Your task is to copy the lines of the data below from the line holding "import ezdxf" through the line holding "layer by layer", inclusive, exactly and with nothing added.
▼▼▼
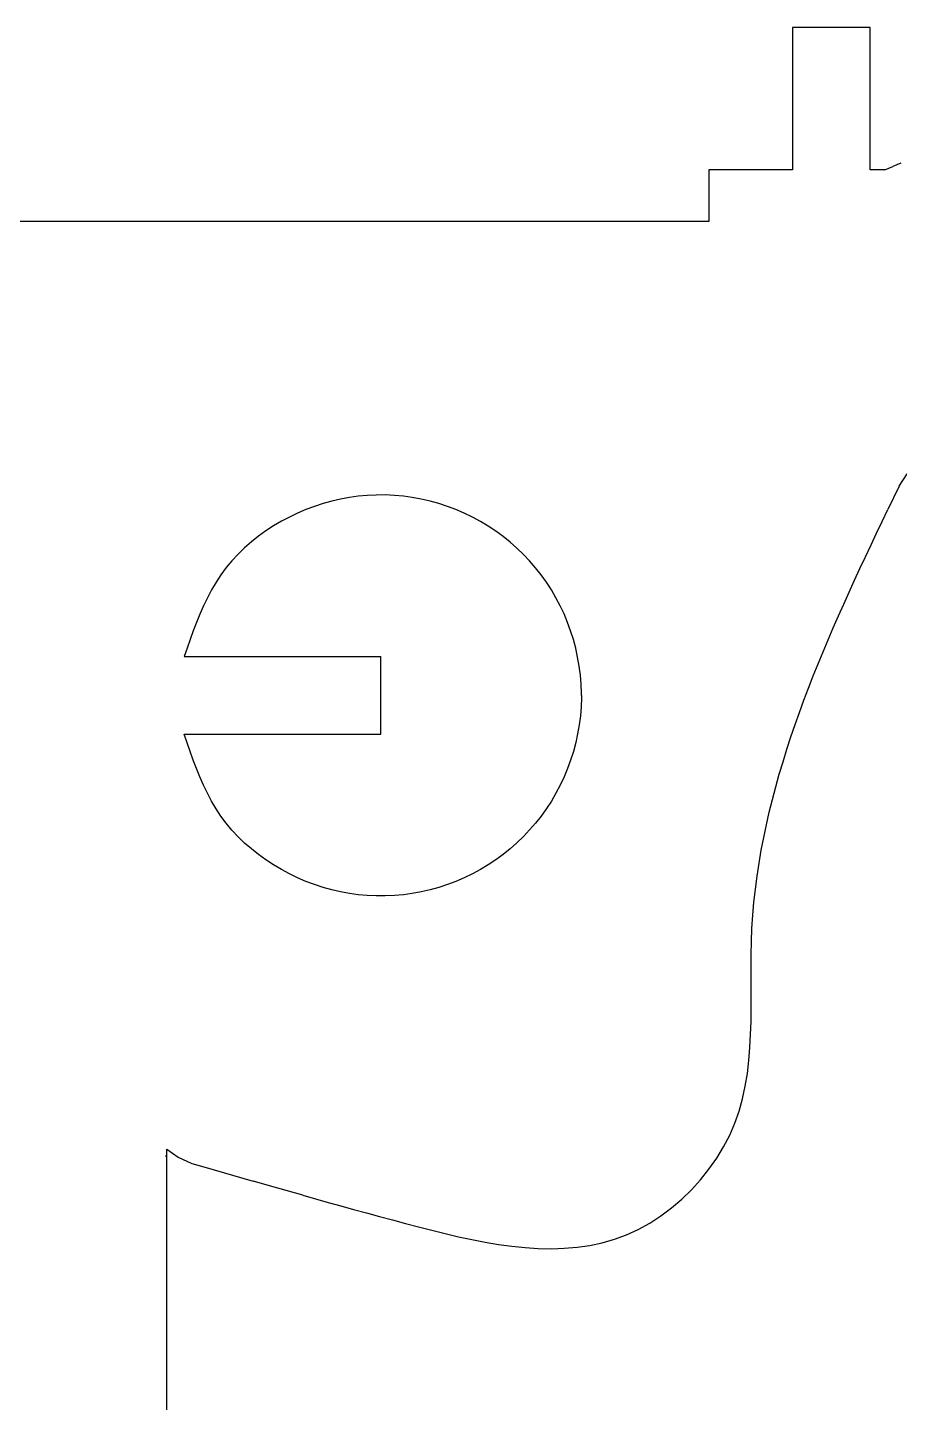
# Model space of a CAD drawing. Extents: x -3475 to 3475, y -2114 to 2114.
# Drawn here: x -1711 to -1387, y -1277 to -766 of the extents above; entities that cross this region are included whole.
import ezdxf

# ---------------------------------------------------------------- set-up
doc = ezdxf.new("R2010")
doc.units = 0
doc.header["$MEASUREMENT"] = 0
doc.layers.get('0').update_dxf_attribs({"linetype": 'CONTINUOUS'})

msp = doc.modelspace()

# ---------------------------------------------------------------- linework, layer by layer
for p, q in [((-1426.7, -765.65), (-1426.7, -818.54)), ((-1397.85, -765.65), (-1426.7, -765.65)), ((-1397.85, -818.54), (-1397.85, -765.65)), ((-1392.39, -818.54), (-1389.44, -817.28)), ((-1387.97, -816.64), (-1389.44, -817.28)), ((-1386.5, -816.01), (-1387.97, -816.64)), ((-1457.82, -818.54), (-1457.82, -837.77)), ((-1426.7, -818.54), (-1457.82, -818.54)), ((-1392.39, -818.54), (-1397.85, -818.54)), ((-1457.82, -837.77), (-1799.18, -837.77)), ((-1387.09, -936.07), (-1384.09, -931.53)), ((-1588.17, -939.84), (-1591.49, -940.3)), ((-1584.84, -939.53), (-1588.17, -939.84)), ((-1581.49, -939.38), (-1584.84, -939.53)), ((-1578.13, -939.37), (-1581.49, -939.38)), ((-1574.77, -939.53), (-1578.13, -939.37)), ((-1571.42, -939.84), (-1574.77, -939.53)), ((-1568.09, -940.29), (-1571.42, -939.84)), ((-1387.09, -936.07), (-1391.3, -944.8)), ((-1607.65, -944.79), (-1610.75, -946.11)), ((-1604.49, -943.6), (-1607.65, -944.79)), ((-1601.3, -942.56), (-1604.49, -943.6)), ((-1598.06, -941.66), (-1601.3, -942.56)), ((-1594.79, -940.91), (-1598.06, -941.66)), ((-1591.49, -940.3), (-1594.79, -940.91)), ((-1564.77, -940.9), (-1568.09, -940.29)), ((-1561.49, -941.66), (-1564.77, -940.9)), ((-1558.24, -942.56), (-1561.49, -941.66)), ((-1555.03, -943.6), (-1558.24, -942.56)), ((-1551.87, -944.79), (-1555.03, -943.6)), ((-1548.77, -946.11), (-1551.87, -944.79)), ((-1393.39, -949.17), (-1391.3, -944.8)), ((-1616.79, -949.16), (-1619.71, -950.89)), ((-1613.8, -947.57), (-1616.79, -949.16)), ((-1610.75, -946.11), (-1613.8, -947.57)), ((-1545.73, -947.58), (-1548.77, -946.11)), ((-1542.77, -949.18), (-1545.73, -947.58)), ((-1539.88, -950.91), (-1542.77, -949.18)), ((-1395.48, -953.54), (-1393.39, -949.17)), ((-1625.29, -954.73), (-1627.94, -956.83)), ((-1622.55, -952.75), (-1625.29, -954.73)), ((-1619.71, -950.89), (-1622.55, -952.75)), ((-1537.07, -952.78), (-1539.88, -950.91)), ((-1534.36, -954.77), (-1537.07, -952.78)), ((-1531.73, -956.88), (-1534.36, -954.77)), ((-1397.56, -957.92), (-1395.48, -953.54)), ((-1630.47, -959.05), (-1632.87, -961.38)), ((-1627.94, -956.83), (-1630.47, -959.05)), ((-1529.21, -959.11), (-1531.73, -956.88)), ((-1526.79, -961.45), (-1529.21, -959.11)), ((-1399.63, -962.3), (-1397.56, -957.92)), ((-1635.15, -963.83), (-1637.28, -966.38)), ((-1632.87, -961.38), (-1635.15, -963.83)), ((-1524.47, -963.89), (-1526.79, -961.45)), ((-1522.27, -966.44), (-1524.47, -963.89)), ((-1401.68, -966.68), (-1399.63, -962.3)), ((-1639.26, -969.04), (-1641.08, -971.8)), ((-1637.28, -966.38), (-1639.26, -969.04)), ((-1520.19, -969.09), (-1522.27, -966.44)), ((-1518.22, -971.82), (-1520.19, -969.09)), ((-1403.71, -971.08), (-1401.68, -966.68)), ((-1642.75, -974.64), (-1644.3, -977.57)), ((-1641.08, -971.8), (-1642.75, -974.64)), ((-1516.39, -974.65), (-1518.22, -971.82)), ((-1514.68, -977.55), (-1516.39, -974.65)), ((-1407.71, -979.89), (-1405.72, -975.48)), ((-1405.72, -975.48), (-1403.71, -971.08)), ((-1645.73, -980.57), (-1647.07, -983.62)), ((-1644.3, -977.57), (-1645.73, -980.57)), ((-1513.11, -980.53), (-1514.68, -977.55)), ((-1511.68, -983.59), (-1513.11, -980.53)), ((-1409.68, -984.31), (-1407.71, -979.89)), ((-1647.07, -983.62), (-1648.33, -986.73)), ((-1510.38, -986.7), (-1511.68, -983.59)), ((-1411.61, -988.74), (-1409.68, -984.31)), ((-1649.52, -989.87), (-1650.67, -993.05)), ((-1648.33, -986.73), (-1649.52, -989.87)), ((-1509.23, -989.87), (-1510.38, -986.7)), ((-1508.22, -993.09), (-1509.23, -989.87)), ((-1413.51, -993.19), (-1411.61, -988.74)), ((-1651.78, -996.25), (-1652.88, -999.45)), ((-1650.67, -993.05), (-1651.78, -996.25)), ((-1507.35, -996.35), (-1508.22, -993.09)), ((-1506.63, -999.64), (-1507.35, -996.35)), ((-1415.38, -997.64), (-1413.51, -993.19)), ((-1652.88, -999.45), (-1579.76, -999.45)), ((-1579.76, -1028.3), (-1579.76, -999.45)), ((-1506.06, -1002.96), (-1506.63, -999.64)), ((-1417.22, -1002.12), (-1415.38, -997.64)), ((-1505.63, -1006.3), (-1506.06, -1002.96)), ((-1505.36, -1009.65), (-1505.63, -1006.3)), ((-1420.77, -1011.11), (-1419.01, -1006.6)), ((-1419.01, -1006.6), (-1417.22, -1002.12)), ((-1505.24, -1013.01), (-1505.36, -1009.65)), ((-1422.48, -1015.63), (-1420.77, -1011.11)), ((-1505.24, -1014.74), (-1505.36, -1018.1)), ((-1505.25, -1013.88), (-1505.24, -1013.01)), ((-1505.25, -1013.88), (-1505.24, -1014.74)), ((-1424.14, -1020.16), (-1422.48, -1015.63)), ((-1505.63, -1021.45), (-1506.06, -1024.79)), ((-1505.36, -1018.1), (-1505.63, -1021.45)), ((-1425.75, -1024.72), (-1424.14, -1020.16)), ((-1506.06, -1024.79), (-1506.63, -1028.11)), ((-1427.32, -1029.3), (-1425.75, -1024.72)), ((-1652.88, -1028.3), (-1579.76, -1028.3)), ((-1651.78, -1031.51), (-1652.88, -1028.3)), ((-1650.67, -1034.7), (-1651.78, -1031.51)), ((-1507.35, -1031.41), (-1508.22, -1034.66)), ((-1506.63, -1028.11), (-1507.35, -1031.41)), ((-1428.82, -1033.89), (-1427.32, -1029.3)), ((-1649.52, -1037.88), (-1650.67, -1034.7)), ((-1508.22, -1034.66), (-1509.23, -1037.88)), ((-1430.27, -1038.51), (-1428.82, -1033.89)), ((-1648.33, -1041.02), (-1649.52, -1037.88)), ((-1647.07, -1044.13), (-1648.33, -1041.02)), ((-1510.38, -1041.05), (-1511.68, -1044.17)), ((-1509.23, -1037.88), (-1510.38, -1041.05)), ((-1431.65, -1043.15), (-1430.27, -1038.51)), ((-1645.73, -1047.19), (-1647.07, -1044.13)), ((-1644.3, -1050.18), (-1645.73, -1047.19)), ((-1513.11, -1047.22), (-1514.68, -1050.2)), ((-1511.68, -1044.17), (-1513.11, -1047.22)), ((-1432.96, -1047.81), (-1431.65, -1043.15)), ((-1642.75, -1053.11), (-1644.3, -1050.18)), ((-1514.68, -1050.2), (-1516.39, -1053.11)), ((-1435.37, -1057.18), (-1434.2, -1052.48)), ((-1434.2, -1052.48), (-1432.96, -1047.81)), ((-1641.08, -1055.96), (-1642.75, -1053.11)), ((-1639.26, -1058.71), (-1641.08, -1055.96)), ((-1518.22, -1055.93), (-1520.19, -1058.67)), ((-1516.39, -1053.11), (-1518.22, -1055.93)), ((-1436.46, -1061.9), (-1435.37, -1057.18)), ((-1637.28, -1061.37), (-1639.26, -1058.71)), ((-1635.15, -1063.92), (-1637.28, -1061.37)), ((-1522.27, -1061.31), (-1524.47, -1063.86)), ((-1520.19, -1058.67), (-1522.27, -1061.31)), ((-1437.46, -1066.64), (-1436.46, -1061.9)), ((-1632.87, -1066.37), (-1635.15, -1063.92)), ((-1630.47, -1068.7), (-1632.87, -1066.37)), ((-1526.79, -1066.3), (-1529.21, -1068.64)), ((-1524.47, -1063.86), (-1526.79, -1066.3)), ((-1438.38, -1071.4), (-1437.46, -1066.64)), ((-1627.94, -1070.92), (-1630.47, -1068.7)), ((-1625.29, -1073.02), (-1627.94, -1070.92)), ((-1622.55, -1075), (-1625.29, -1073.02)), ((-1534.36, -1072.98), (-1537.07, -1074.97)), ((-1531.73, -1070.87), (-1534.36, -1072.98)), ((-1529.21, -1068.64), (-1531.73, -1070.87)), ((-1439.2, -1076.19), (-1438.38, -1071.4)), ((-1619.71, -1076.86), (-1622.55, -1075)), ((-1616.79, -1078.59), (-1619.71, -1076.86)), ((-1539.88, -1076.84), (-1542.77, -1078.58)), ((-1537.07, -1074.97), (-1539.88, -1076.84)), ((-1439.93, -1080.99), (-1439.2, -1076.19)), ((-1613.8, -1080.18), (-1616.79, -1078.59)), ((-1610.75, -1081.64), (-1613.8, -1080.18)), ((-1607.65, -1082.97), (-1610.75, -1081.64)), ((-1604.49, -1084.15), (-1607.65, -1082.97)), ((-1551.87, -1082.97), (-1555.03, -1084.15)), ((-1548.77, -1081.64), (-1551.87, -1082.97)), ((-1545.73, -1080.18), (-1548.77, -1081.64)), ((-1542.77, -1078.58), (-1545.73, -1080.18)), ((-1440.56, -1085.82), (-1439.93, -1080.99)), ((-1601.3, -1085.19), (-1604.49, -1084.15)), ((-1598.06, -1086.09), (-1601.3, -1085.19)), ((-1594.79, -1086.85), (-1598.06, -1086.09)), ((-1591.49, -1087.45), (-1594.79, -1086.85)), ((-1588.17, -1087.91), (-1591.49, -1087.45)), ((-1584.84, -1088.22), (-1588.17, -1087.91)), ((-1581.49, -1088.38), (-1584.84, -1088.22)), ((-1574.77, -1088.22), (-1578.13, -1088.38)), ((-1571.42, -1087.92), (-1574.77, -1088.22)), ((-1568.09, -1087.46), (-1571.42, -1087.92)), ((-1564.77, -1086.85), (-1568.09, -1087.46)), ((-1561.49, -1086.1), (-1564.77, -1086.85)), ((-1558.24, -1085.2), (-1561.49, -1086.1)), ((-1555.03, -1084.15), (-1558.24, -1085.2)), ((-1441.09, -1090.67), (-1440.56, -1085.82)), ((-1578.13, -1088.38), (-1581.49, -1088.38)), ((-1441.52, -1095.54), (-1441.09, -1090.67)), ((-1441.83, -1100.43), (-1441.52, -1095.54)), ((-1442.03, -1105.35), (-1441.83, -1100.43)), ((-1442.13, -1110.28), (-1442.03, -1105.35)), ((-1442.15, -1115.23), (-1442.13, -1110.28)), ((-1442.14, -1120.18), (-1442.15, -1115.23)), ((-1442.12, -1125.13), (-1442.14, -1120.18)), ((-1442.12, -1130.07), (-1442.12, -1125.13)), ((-1442.17, -1134.99), (-1442.12, -1130.07)), ((-1442.31, -1139.89), (-1442.17, -1134.99)), ((-1442.56, -1144.75), (-1442.31, -1139.89)), ((-1443.53, -1154.36), (-1442.96, -1149.58)), ((-1442.96, -1149.58), (-1442.56, -1144.75)), ((-1444.31, -1159.09), (-1443.53, -1154.36)), ((-1445.33, -1163.75), (-1444.31, -1159.09)), ((-1446.61, -1168.35), (-1445.33, -1163.75)), ((-1448.2, -1172.87), (-1446.61, -1168.35)), ((-1450.11, -1177.31), (-1448.2, -1172.87)), ((-1452.36, -1181.65), (-1450.11, -1177.31)), ((-1659.94, -1184.9), (-1659.3, -1185.08)), ((-1659.3, -1182.43), (-1655.11, -1185.39)), ((-1659.3, -1759.11), (-1659.3, -1182.43)), ((-1655.11, -1185.39), (-1650.11, -1187.75)), ((-1454.93, -1185.87), (-1452.36, -1181.65)), ((-1650.11, -1187.75), (-1645.56, -1189.07)), ((-1645.56, -1189.07), (-1627.28, -1194.35)), ((-1460.93, -1193.85), (-1457.8, -1189.94)), ((-1457.8, -1189.94), (-1454.93, -1185.87)), ((-1618.06, -1196.98), (-1627.28, -1194.35)), ((-1464.31, -1197.55), (-1460.93, -1193.85)), ((-1608.77, -1199.61), (-1618.06, -1196.98)), ((-1608.77, -1199.61), (-1604.09, -1200.93)), ((-1467.91, -1201.04), (-1464.31, -1197.55)), ((-1604.09, -1200.93), (-1599.4, -1202.24)), ((-1599.4, -1202.24), (-1594.67, -1203.55)), ((-1594.67, -1203.55), (-1589.93, -1204.85)), ((-1589.93, -1204.85), (-1585.15, -1206.16)), ((-1475.7, -1207.25), (-1471.72, -1204.28)), ((-1471.72, -1204.28), (-1467.91, -1201.04)), ((-1585.15, -1206.16), (-1580.35, -1207.47)), ((-1580.35, -1207.47), (-1575.51, -1208.77)), ((-1575.51, -1208.77), (-1570.64, -1210.07)), ((-1570.64, -1210.07), (-1565.74, -1211.36)), ((-1484.11, -1212.28), (-1479.84, -1209.92)), ((-1479.84, -1209.92), (-1475.7, -1207.25)), ((-1565.74, -1211.36), (-1560.81, -1212.63)), ((-1560.81, -1212.63), (-1555.86, -1213.86)), ((-1555.86, -1213.86), (-1550.9, -1215.02)), ((-1550.9, -1215.02), (-1545.93, -1216.09)), ((-1545.93, -1216.09), (-1540.96, -1217.05)), ((-1497.52, -1217.25), (-1492.97, -1215.94)), ((-1492.97, -1215.94), (-1488.5, -1214.29)), ((-1488.5, -1214.29), (-1484.11, -1212.28)), ((-1540.96, -1217.05), (-1536, -1217.88)), ((-1536, -1217.88), (-1531.06, -1218.56)), ((-1531.06, -1218.56), (-1526.14, -1219.06)), ((-1526.14, -1219.06), (-1521.26, -1219.37)), ((-1521.26, -1219.37), (-1516.41, -1219.46)), ((-1516.41, -1219.46), (-1511.6, -1219.32)), ((-1511.6, -1219.32), (-1506.85, -1218.92)), ((-1506.85, -1218.92), (-1502.15, -1218.23)), ((-1502.15, -1218.23), (-1497.52, -1217.25))]:
    msp.add_line(p, q)

doc.saveas('drawing.dxf')
▲▲▲
• Solution to this problem
import ezdxf

# ---------------------------------------------------------------- set-up
doc = ezdxf.new("R2010")
doc.units = 0
doc.header["$MEASUREMENT"] = 0
doc.layers.get('0').update_dxf_attribs({"linetype": 'CONTINUOUS'})

msp = doc.modelspace()

# ---------------------------------------------------------------- linework, layer by layer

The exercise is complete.